Antes de emprender el camino hacia el sueño, permanezco atenta al suave silbido que me acaricia el alma para darme el merecido descanso.
Meditad en vuestro corazón estando en vuestra cama y callad.
Salmo 4:4
Tras toda una jornada larga, colmada de prisas y de un montón de cosas por hacer, al fin llega la noche, el ansiado momento de calma.
La casa queda en silencio, la luz se vuelve tenue en medio de la oscuridad.
Tumbada, deshojo los últimos minutos antes de emprender camino hacia ese estado maravilloso que constituye el sueño. En ese trayecto corto que va de la consciencia al letargo, permanezco atenta al suave silbido que me acaricia el alma para darme el merecido descanso.
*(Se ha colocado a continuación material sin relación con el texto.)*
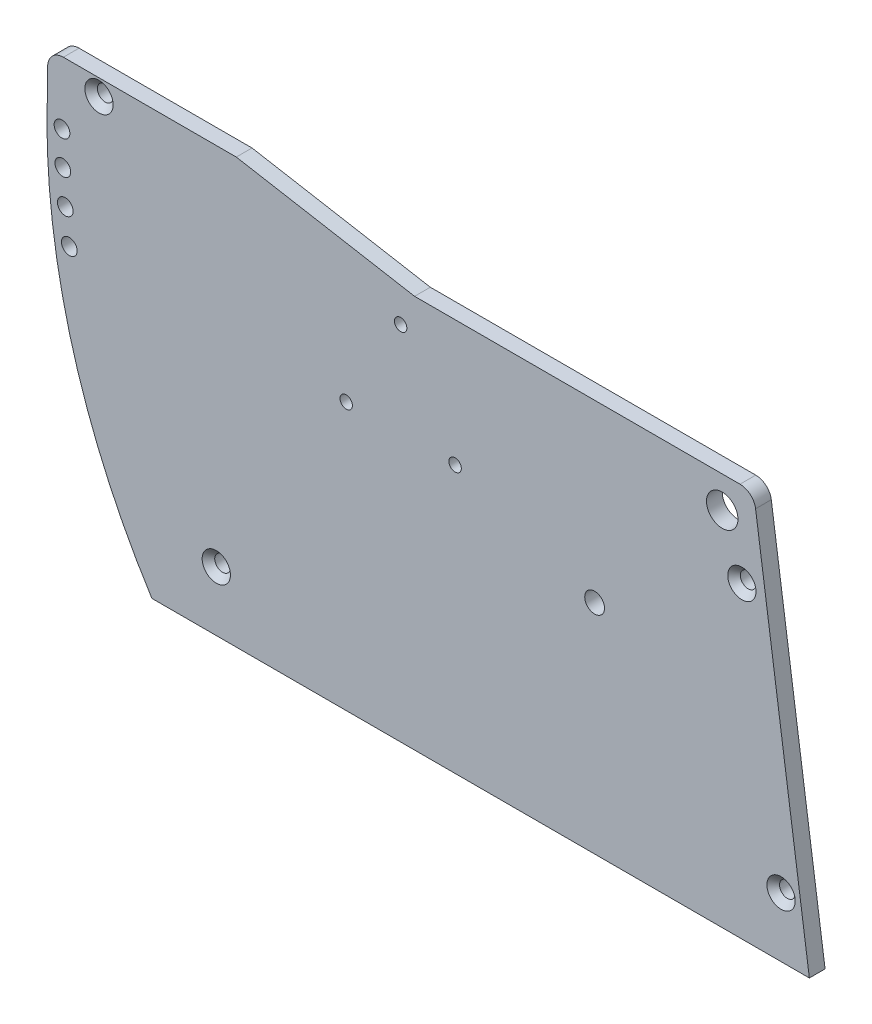
from build123d import *

# Parameters (mm, degrees)
SKETCH18_R          = 3.175
SKETCH18_R_2        = 6.35
SKETCH18_R_3        = 2.5019
BOSS_EXTRUDE4_DEPTH = 6.35
CHAMFER1_SIZE       = 2.54
SKETCH19_R          = 4
CUT_EXTRUDE1_DEPTH  = 43.434


with BuildPart() as part:
    # Sketch18 → Boss-Extrude4 (new body)
    with BuildSketch(Plane.XY):
        with BuildLine():
            Line((0, 0), (-265.604745697, 0))
            ThreePointArc((-265.604745697, 0), (-298.882523776, 76.131915965), (-307.699061234, 158.75))
            Line((-307.699061234, 158.75), (-307.699061234, 165.1))
            ThreePointArc((-307.699061234, 165.1), (-305.839189294, 169.590128061), (-301.349061234, 171.45))
            Line((-301.349061234, 171.45), (-231.499061234, 171.45))
            Line((-231.499061234, 171.45), (-159.473782125, 158.75))
            Line((-159.473782125, 158.75), (-28.014368889, 158.75))
            ThreePointArc((-28.014368889, 158.75), (-23.851207857, 157.194850386), (-21.727208485, 153.291130779))
            Line((-21.727208485, 153.291130779), (0, 0))
        make_face()
        with Locations((-11.423473622, 24.034728138)):
            Circle(SKETCH18_R, mode=Mode.SUBTRACT)
        with Locations((-27.253356194, 124.406511892)):
            Circle(SKETCH18_R, mode=Mode.SUBTRACT)
        with Locations((-35.200938766, 146.05)):
            Circle(SKETCH18_R_2, mode=Mode.SUBTRACT)
        with Locations((-301.900938766, 146.05)):
            Circle(SKETCH18_R, mode=Mode.SUBTRACT)
        with Locations((-301.569673588, 132.761391752)):
            Circle(SKETCH18_R, mode=Mode.SUBTRACT)
        with Locations((-300.579872803, 119.537524267)):
            Circle(SKETCH18_R, mode=Mode.SUBTRACT)
        with Locations((-298.943543444, 106.442822899)):
            Circle(SKETCH18_R, mode=Mode.SUBTRACT)
        with Locations((-239.568937637, 24.034728138)):
            Circle(SKETCH18_R, mode=Mode.SUBTRACT)
        with Locations((-286.962142025, 164.850708953)):
            Circle(SKETCH18_R, mode=Mode.SUBTRACT)
        with Locations((-165.1, 146.05)):
            Circle(SKETCH18_R_3, mode=Mode.SUBTRACT)
        with Locations((-143.102954744, 107.95)):
            Circle(SKETCH18_R_3, mode=Mode.SUBTRACT)
        with Locations((-187.097045256, 107.95)):
            Circle(SKETCH18_R_3, mode=Mode.SUBTRACT)
    extrude(amount=BOSS_EXTRUDE4_DEPTH)

    # Chamfer1
    chamfer1_edges = [part.edges().sort_by_distance(p)[0] for p in [
        (-14.598473622, 24.034728138, 6.35),
        (-30.428356194, 124.406511892, 6.35),
        (-242.743937637, 24.034728138, 6.35),
        (-290.137142025, 164.850708953, 6.35),
    ]]
    chamfer(chamfer1_edges, length=CHAMFER1_SIZE)

    # Sketch19 → Cut-Extrude1 (cut)
    with BuildSketch(Plane(origin=(0, 0, 0), x_dir=(-1, 0, 0), z_dir=(0, 0, -1))):
        with Locations((86.747156029, 87.953133026)):
            Circle(SKETCH19_R)
    extrude(amount=-CUT_EXTRUDE1_DEPTH, mode=Mode.SUBTRACT)


solid = part.part
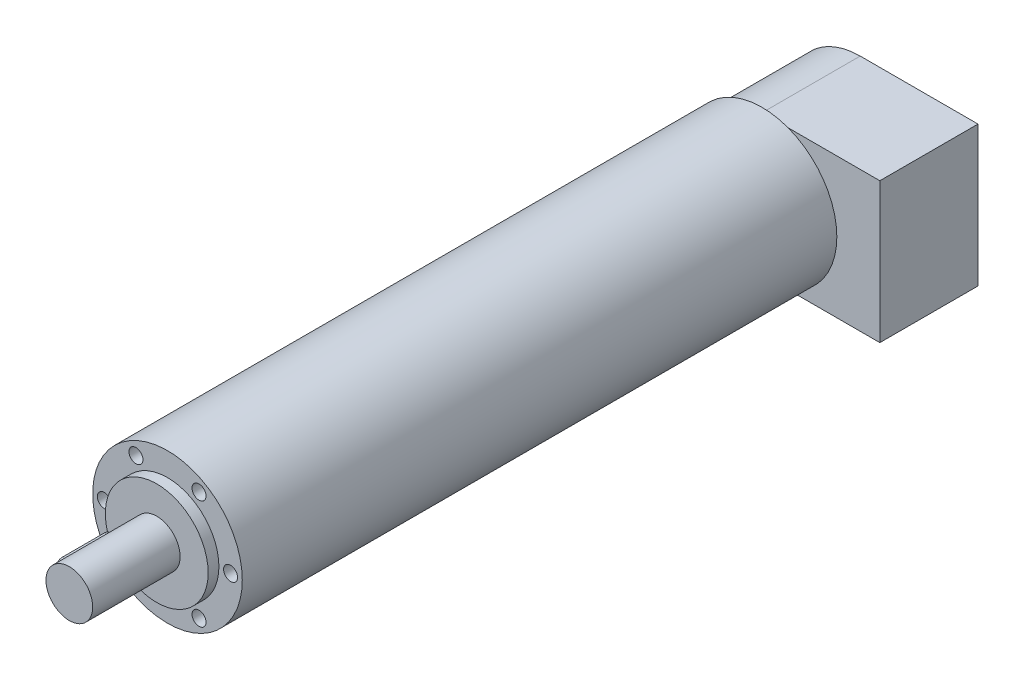
from build123d import *

# Parameters (mm, degrees)
SKETCH1_R           = 15
BOSS_EXTRUDE1_DEPTH = 21
SKETCH2_W           = 21
SKETCH2_H           = 30
BOSS_EXTRUDE2_DEPTH = 25.2
SKETCH3_R           = 16
BOSS_EXTRUDE3_DEPTH = 127.2
SKETCH4_R           = 11
BOSS_EXTRUDE4_DEPTH = 2.3
SKETCH6_R           = 5
BOSS_EXTRUDE6_DEPTH = 18.7
BOSS_EXTRUDE7_DEPTH = 6
SKETCH7_R           = 1.5
CUT_EXTRUDE1_DEPTH  = 10
CIRPATTERN1_COUNT   = 6


with BuildPart() as part:
    # Sketch1 → Boss-Extrude1 (new body)
    with BuildSketch(Plane.XY):
        with Locations(Location((0, 0, 0), (0, 0, 180))):
            Circle(SKETCH1_R)
    extrude(amount=BOSS_EXTRUDE1_DEPTH)

    # Sketch2 → Boss-Extrude2 (add)
    with BuildSketch(Plane(origin=(0, 0, 0), x_dir=(0, 0, -1), z_dir=(1, 0, 0))):
        with Locations((-10.5, 0)):
            Rectangle(SKETCH2_W, SKETCH2_H)
    extrude(amount=BOSS_EXTRUDE2_DEPTH)

    # Sketch3 → Boss-Extrude3 (add)
    with BuildSketch(Plane.XY.offset(21)):
        with Locations(Location((0, 0, 0), (0, 0, 290.364134806))):
            Circle(SKETCH3_R)
    extrude(amount=BOSS_EXTRUDE3_DEPTH)

    # Sketch4 → Boss-Extrude4 (add)
    with BuildSketch(Plane.XY.offset(148.2)):
        Circle(SKETCH4_R)
    extrude(amount=BOSS_EXTRUDE4_DEPTH)

    # Sketch6 → Boss-Extrude6 (add)
    with BuildSketch(Plane.XY.offset(150.5)):
        Circle(SKETCH6_R)
    extrude(amount=BOSS_EXTRUDE6_DEPTH)

    # Sketch5 → Boss-Extrude7 (add)
    with BuildSketch(Plane(origin=(0, 0, 0), x_dir=(0, 0, -1), z_dir=(1, 0, 0))):
        with BuildLine():
            Line((-155.7, 1.5), (-164.7, 1.5))
            ThreePointArc((-164.7, 1.5), (-166.2, 0), (-164.7, -1.5))
            Line((-164.7, -1.5), (-155.7, -1.5))
            ThreePointArc((-155.7, -1.5), (-154.2, 0), (-155.7, 1.5))
        make_face()
    extrude(amount=-BOSS_EXTRUDE7_DEPTH)

    # Sketch7 → Cut-Extrude1 (cut)
    with BuildSketch(Plane.XY.offset(148.2)):
        with Locations((13.5, 0)):
            Circle(SKETCH7_R)
    cut_extrude1 = extrude(amount=-CUT_EXTRUDE1_DEPTH, mode=Mode.SUBTRACT)

    # CirPattern1: Cut-Extrude1 ×6 about axis
    cirpattern1_axis = Axis((0, 0, 0), (0, 0, 1))
    for i in range(1, CIRPATTERN1_COUNT):
        add(cut_extrude1.rotate(cirpattern1_axis, i * 360 / CIRPATTERN1_COUNT), mode=Mode.SUBTRACT)


solid = part.part
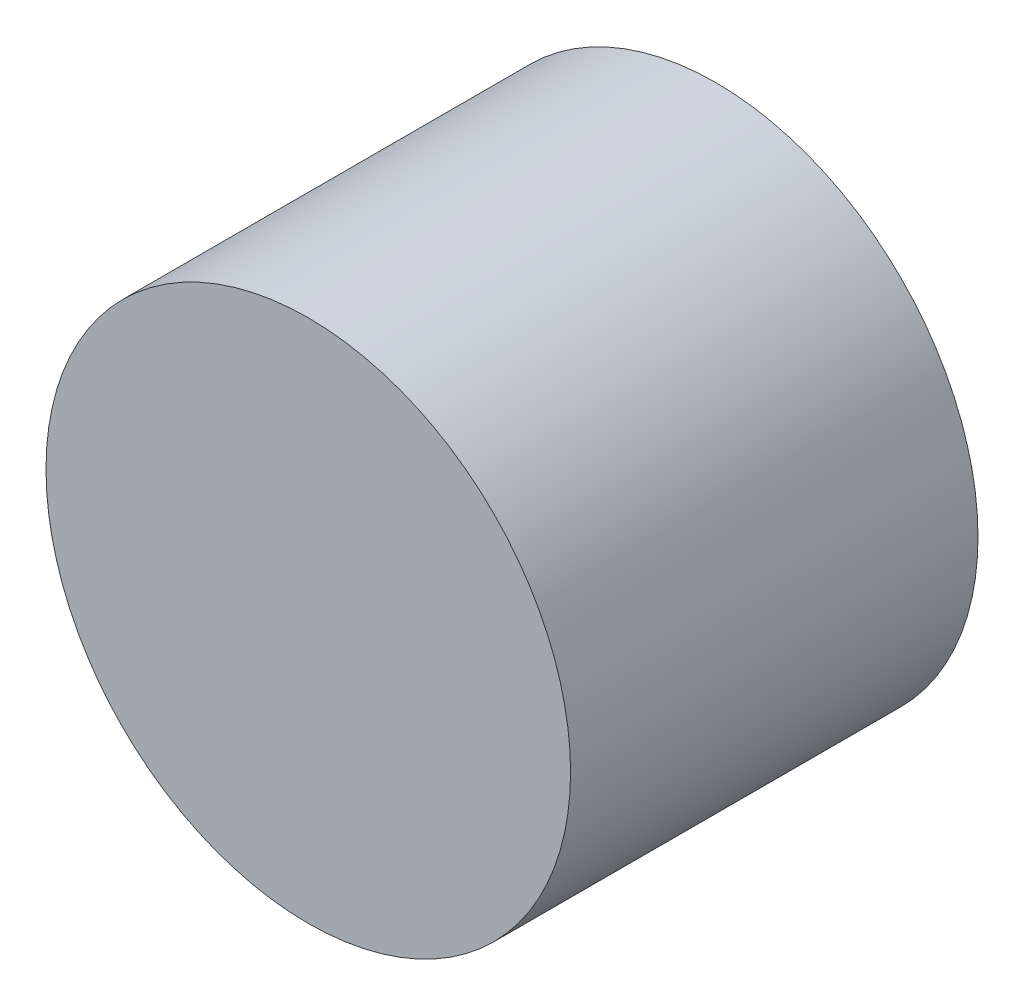
from build123d import *

# Parameters (mm, degrees)
SKETCH1_R           = 11.475
BOSS_EXTRUDE1_DEPTH = 17.825


with BuildPart() as part:
    # Sketch1 → Boss-Extrude1 (new body)
    with BuildSketch(Plane.XY):
        with Locations((7.125, -5.675)):
            Circle(SKETCH1_R)
    extrude(amount=BOSS_EXTRUDE1_DEPTH)


solid = part.part
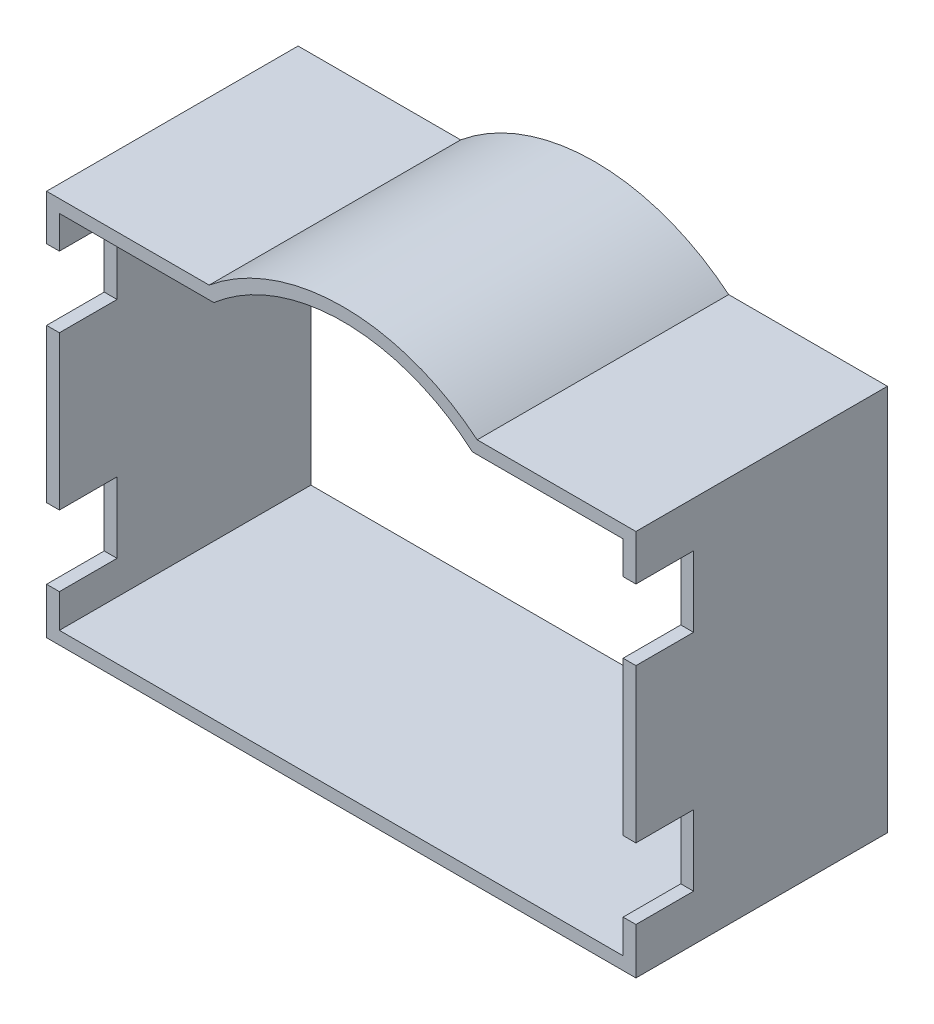
from build123d import *

# Parameters (mm, degrees)
BOSS_EXTRUDE2_DEPTH = 49.8602
SHELL2_T            = 2.54
SKETCH4_W           = 2.54
SKETCH4_H           = 14.004037607
SKETCH4_H_2         = 14.000022482
SKETCH4_H_3         = 14.004058035
CUT_EXTRUDE1_DEPTH  = 11.43


with BuildPart() as part:
    # Sketch2 → Boss-Extrude2 (new body)
    with BuildSketch(Plane.XY):
        with BuildLine():
            Line((20.510960331, 69.60596379), (50.371443222, 69.60596379))
            Line((50.371443222, 69.60596379), (50.371443222, -1.977240525))
            Line((50.371443222, -1.977240525), (-61.38356009, -1.977240525))
            Line((-61.38356009, -1.977240525), (-61.38356009, 69.60596379))
            Line((-61.38356009, 69.60596379), (-30.761077997, 69.60596379))
            ThreePointArc((-30.761077997, 69.60596379), (-5.125058833, 79.163961442), (20.510960331, 69.60596379))
        make_face()
    extrude(amount=BOSS_EXTRUDE2_DEPTH)

    # Shell2
    shell2_openings = [part.faces().sort_by_distance(p)[0] for p in [
        (-5.490717903, 35.411141446, 0),
        (-5.490717903, 35.411141446, 49.8602),
    ]]
    offset(amount=SHELL2_T, openings=shell2_openings, kind=Kind.INTERSECTION)

    # Sketch4 → Cut-Extrude1 (cut)
    with BuildSketch(Plane.XY.offset(49.8602)):
        with Locations((-62.65356009, 56.116943469)):
            Rectangle(SKETCH4_W, SKETCH4_H)
        with Locations((-62.65356009, 11.668972532)):
            Rectangle(SKETCH4_W, SKETCH4_H_2)
        with Locations((51.641443222, 56.116953683)):
            Rectangle(SKETCH4_W, SKETCH4_H_3)
        with Locations((51.641443222, 11.668972532)):
            Rectangle(SKETCH4_W, SKETCH4_H_2)
    extrude(amount=-CUT_EXTRUDE1_DEPTH, mode=Mode.SUBTRACT)


solid = part.part
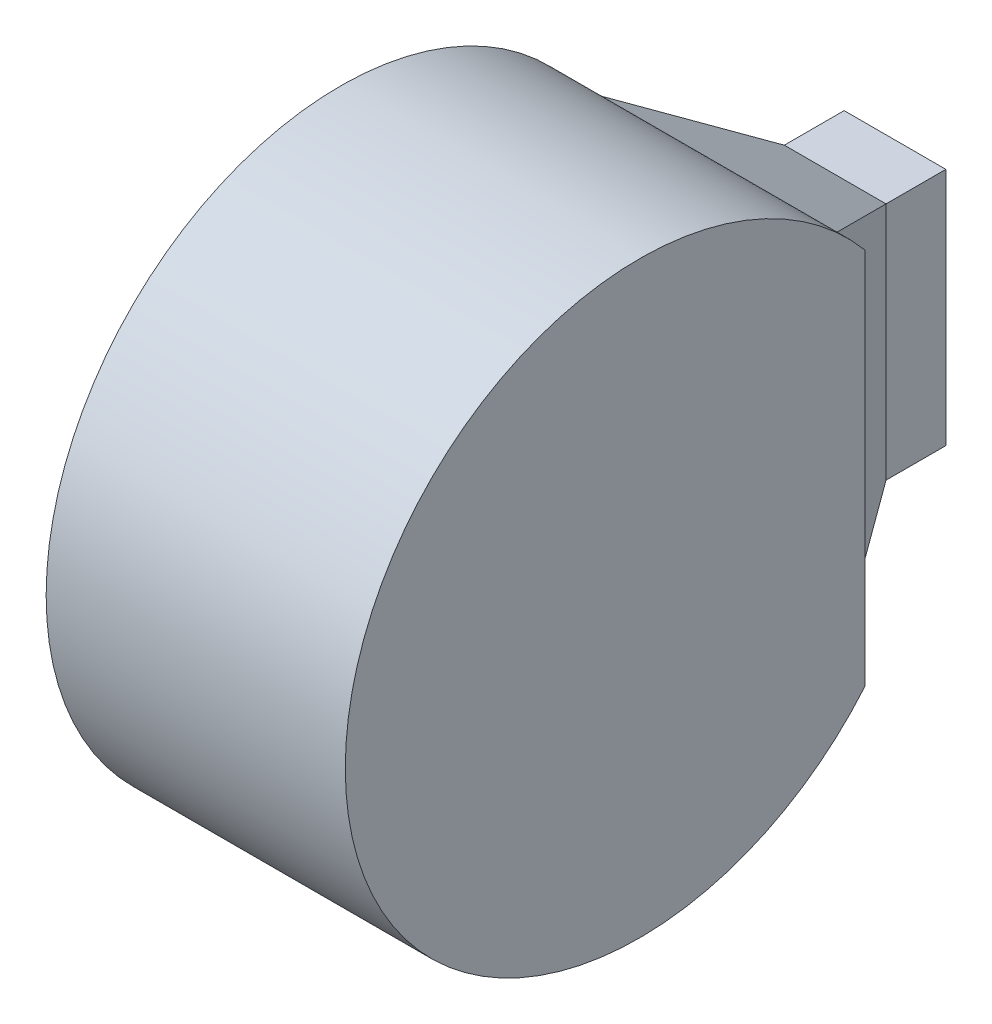
from build123d import *

# Parameters (mm, degrees)
SKETCH_1_W      = 17
SKETCH_1_H      = 40
EXTRUDE_1_DEPTH = 10
SKETCH_2_W      = 17
SKETCH_2_H      = 40
EXTRUDE_2_DEPTH = 20
EXTRUDE_2_TAPER = -30
EXTRUDE_3_DEPTH = 25


with BuildPart() as part:
    # 草图1 → 凸台-拉伸1 (new body)
    with BuildSketch(Plane.XY):
        Rectangle(SKETCH_1_W, SKETCH_1_H)
    extrude(amount=EXTRUDE_1_DEPTH)

    # 草图2 → 凸台-拉伸2 (add)
    with BuildSketch(Plane.XY.offset(10)):
        Rectangle(SKETCH_2_W, SKETCH_2_H)
    extrude(amount=EXTRUDE_2_DEPTH, taper=EXTRUDE_2_TAPER)

    # 草图3 → 凸台-拉伸3 (add, symmetric)
    with BuildSketch(Plane(origin=(0, 0, 0), x_dir=(0, 0, -1), z_dir=(1, 0, 0))):
        with BuildLine():
            Line((-30, 31.547005384), (-30, -31.547005384))
            ThreePointArc((-30, -31.547005384), (-116.885818272, 0), (-30, 31.547005384))
        make_face()
    extrude(amount=EXTRUDE_3_DEPTH, both=True)


solid = part.part

Por muy dura que haya sido la faena, siempre encuentro ese pequeño remanso de paz antes de dar por concluido el día.
Pienso en todo lo que he hecho y eso otro que no debí hacer.
Doy gracias a Dios por haberme permitido hablar de Él y le pido perdón por haber omitido en algún momento su nombre.
Sé que cuando callo, cuando paso de largo ante una necesidad, estoy perdiendo de vista el horizonte, esa línea que Dios me marca para ser consciente de mi necesidad de Él.
Cada vez que con torpeza eludo mis responsabilidades como hija suya, Él me muestra sus manos horadadas y en ellas leo mi pasado, mi presente y mi futuro.
Conforto, con la lumbre de una inusitada alegría, la austera tristeza que se cuela en mí, arraigo las palabras que me dan calor y en ellas encuentro el reposo que mi vida necesita.
Para no caer en la torpeza de rehuir lo vital, permanezco en silencio y así poder escuchar lo que Él me dice.
Antes de despedirme transformo mi corazón en ese aljibe dónde macerar el agua que he de tomar a sorbos para saciar mi sed. Agua que me refresque, agua que me recuerde el breñal que era mi vida antes de convertirse en valle.
Pido a Dios que me ayude a dejar a un lado esas insignificancias que oscurecen mi mente, esas preocupaciones plagadas de trivialidad que me restan tiempo que dedicarle a aquello que sí posee sentido.
Ruego que en la penumbra de la noche Él siga proyectando su luz en mí.
¡Buenas noches Padre! Expreso a modo de adiós.
Y mientras mis ojos desbordados de cansancio se cierran poco a poco, oigo con los oídos del alma: ¡Descansa hija mía, yo velo tus sueños!